At least four people were killed and 17 others wounded after a roadside bomb struck a minibus carrying lecturers and students from Alberoni University in Afghanistan’s northern Parvan province on Saturday.

According to Afghanistan-based TOLO News, Noor Ahmad Ahmadi, a lecturer of Education Faculty at the university, and Maiwand Farooq, a lecturer at the Faculty of Medicine at the university, were among those killed in the attack, with three of the wounded in critical condition.

A witness said the bomb was planted on the vehicle and detonated as it headed towards Kabul.

The Taliban condemned the attack and no group has claimed it as of now.
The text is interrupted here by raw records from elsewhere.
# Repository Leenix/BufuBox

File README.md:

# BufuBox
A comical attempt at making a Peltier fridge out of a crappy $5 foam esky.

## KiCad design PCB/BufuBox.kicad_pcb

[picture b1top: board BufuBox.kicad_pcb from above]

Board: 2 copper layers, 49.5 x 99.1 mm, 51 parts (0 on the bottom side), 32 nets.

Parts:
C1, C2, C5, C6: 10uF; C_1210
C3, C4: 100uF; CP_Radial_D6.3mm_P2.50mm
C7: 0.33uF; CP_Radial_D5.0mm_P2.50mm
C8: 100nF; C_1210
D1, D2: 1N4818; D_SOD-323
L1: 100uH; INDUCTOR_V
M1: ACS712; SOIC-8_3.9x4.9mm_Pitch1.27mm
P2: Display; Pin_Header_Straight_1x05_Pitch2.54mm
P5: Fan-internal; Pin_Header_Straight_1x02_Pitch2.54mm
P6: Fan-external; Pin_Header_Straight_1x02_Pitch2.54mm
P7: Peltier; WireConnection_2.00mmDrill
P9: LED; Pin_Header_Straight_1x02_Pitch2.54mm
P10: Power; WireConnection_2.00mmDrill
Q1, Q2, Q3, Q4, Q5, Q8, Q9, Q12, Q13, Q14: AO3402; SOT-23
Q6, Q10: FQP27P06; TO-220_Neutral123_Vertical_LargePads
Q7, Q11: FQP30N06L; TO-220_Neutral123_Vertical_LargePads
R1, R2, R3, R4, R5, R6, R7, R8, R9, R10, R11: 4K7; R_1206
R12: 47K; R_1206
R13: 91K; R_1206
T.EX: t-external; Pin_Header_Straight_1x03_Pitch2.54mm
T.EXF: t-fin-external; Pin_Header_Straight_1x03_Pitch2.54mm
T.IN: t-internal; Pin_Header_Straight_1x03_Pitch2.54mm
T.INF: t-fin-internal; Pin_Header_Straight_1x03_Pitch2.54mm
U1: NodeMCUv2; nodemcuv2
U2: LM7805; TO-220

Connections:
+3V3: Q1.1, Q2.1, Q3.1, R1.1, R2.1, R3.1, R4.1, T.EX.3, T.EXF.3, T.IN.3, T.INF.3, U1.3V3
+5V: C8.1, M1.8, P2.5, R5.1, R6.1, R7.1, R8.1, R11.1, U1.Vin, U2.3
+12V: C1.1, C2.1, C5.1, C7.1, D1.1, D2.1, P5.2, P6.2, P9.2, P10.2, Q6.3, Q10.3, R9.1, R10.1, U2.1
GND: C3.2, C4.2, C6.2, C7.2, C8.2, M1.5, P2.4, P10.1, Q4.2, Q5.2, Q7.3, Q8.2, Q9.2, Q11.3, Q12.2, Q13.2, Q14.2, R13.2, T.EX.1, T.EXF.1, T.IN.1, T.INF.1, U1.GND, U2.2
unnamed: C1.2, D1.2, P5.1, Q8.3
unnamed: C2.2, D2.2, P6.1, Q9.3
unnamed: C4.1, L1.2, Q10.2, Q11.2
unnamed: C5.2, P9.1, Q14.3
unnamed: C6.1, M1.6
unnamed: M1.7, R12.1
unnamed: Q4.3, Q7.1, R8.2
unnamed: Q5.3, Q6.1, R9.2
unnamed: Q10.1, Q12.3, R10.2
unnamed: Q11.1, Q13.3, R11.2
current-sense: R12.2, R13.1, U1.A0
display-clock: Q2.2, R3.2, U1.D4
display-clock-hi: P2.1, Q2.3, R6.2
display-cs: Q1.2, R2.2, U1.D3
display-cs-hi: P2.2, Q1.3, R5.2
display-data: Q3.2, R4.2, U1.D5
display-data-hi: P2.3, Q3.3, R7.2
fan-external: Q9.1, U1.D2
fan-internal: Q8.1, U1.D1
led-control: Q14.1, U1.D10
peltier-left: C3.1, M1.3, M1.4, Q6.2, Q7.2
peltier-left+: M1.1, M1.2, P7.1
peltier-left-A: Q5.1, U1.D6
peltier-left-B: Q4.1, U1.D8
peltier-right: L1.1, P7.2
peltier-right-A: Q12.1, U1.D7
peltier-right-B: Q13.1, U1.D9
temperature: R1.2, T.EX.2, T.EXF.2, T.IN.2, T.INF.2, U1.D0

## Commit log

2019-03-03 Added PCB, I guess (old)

Earlier this month, a deadly attack earlier this month targeted a secondary school and killed over 80 people, most of which were students.

Read also: Taliban unveils three conditions to attend Istanbul talks: report

The blasts were said to be caused by a car bomb and two improvised explosive devices planted in the majority Shia Hazara populated community in the Dasht-e-Barchi area, according to a spokesperson from Afghanistan’s ministry of interior.

Afghan government officials blamed the Taliban for the attack, but the group has denied any involvement in the blasts.

Troop withdrawal

Afghanistan has been witnessing a surge in violence despite the ongoing peace talks and amid a US troop pullout from Kabul.
On Tuesday, the US Central Command [CENTCOM] announced that Washington has completed 16-to-25% of its troop withdrawal from Kabul, adding that 160 C-17 military cargo plane filled with the military’s material was sent out of the country while more than 10,000 pieces of equipment have been marked for destruction.

The US is set to completely withdraw its troops from Afghanistan on September 11th with no further conditions, instead of an initial May 1st deadline that was stipulated in a February agreement signed with the Taliban in Doha last year, prompting anger from the insurgent group which accused Washington of violating the 2020 accord.

US President Joe Biden’s pull out of the remaining 2,500 American troops, as well as other NATO forces, will mark the end of its longest fought war.
Meanwhile, reports suggest the US is also set to lay out a post-withdrawal plan in order to monitor the situation in Afghanistan from afar.
Talks between the Taliban and the Afghan government took place in Qatar last week, where officials discussed the resumption of the stalled peace talks.

Qatar has been hosting the “historic” talks between the Afghan government and the Taliban since last September.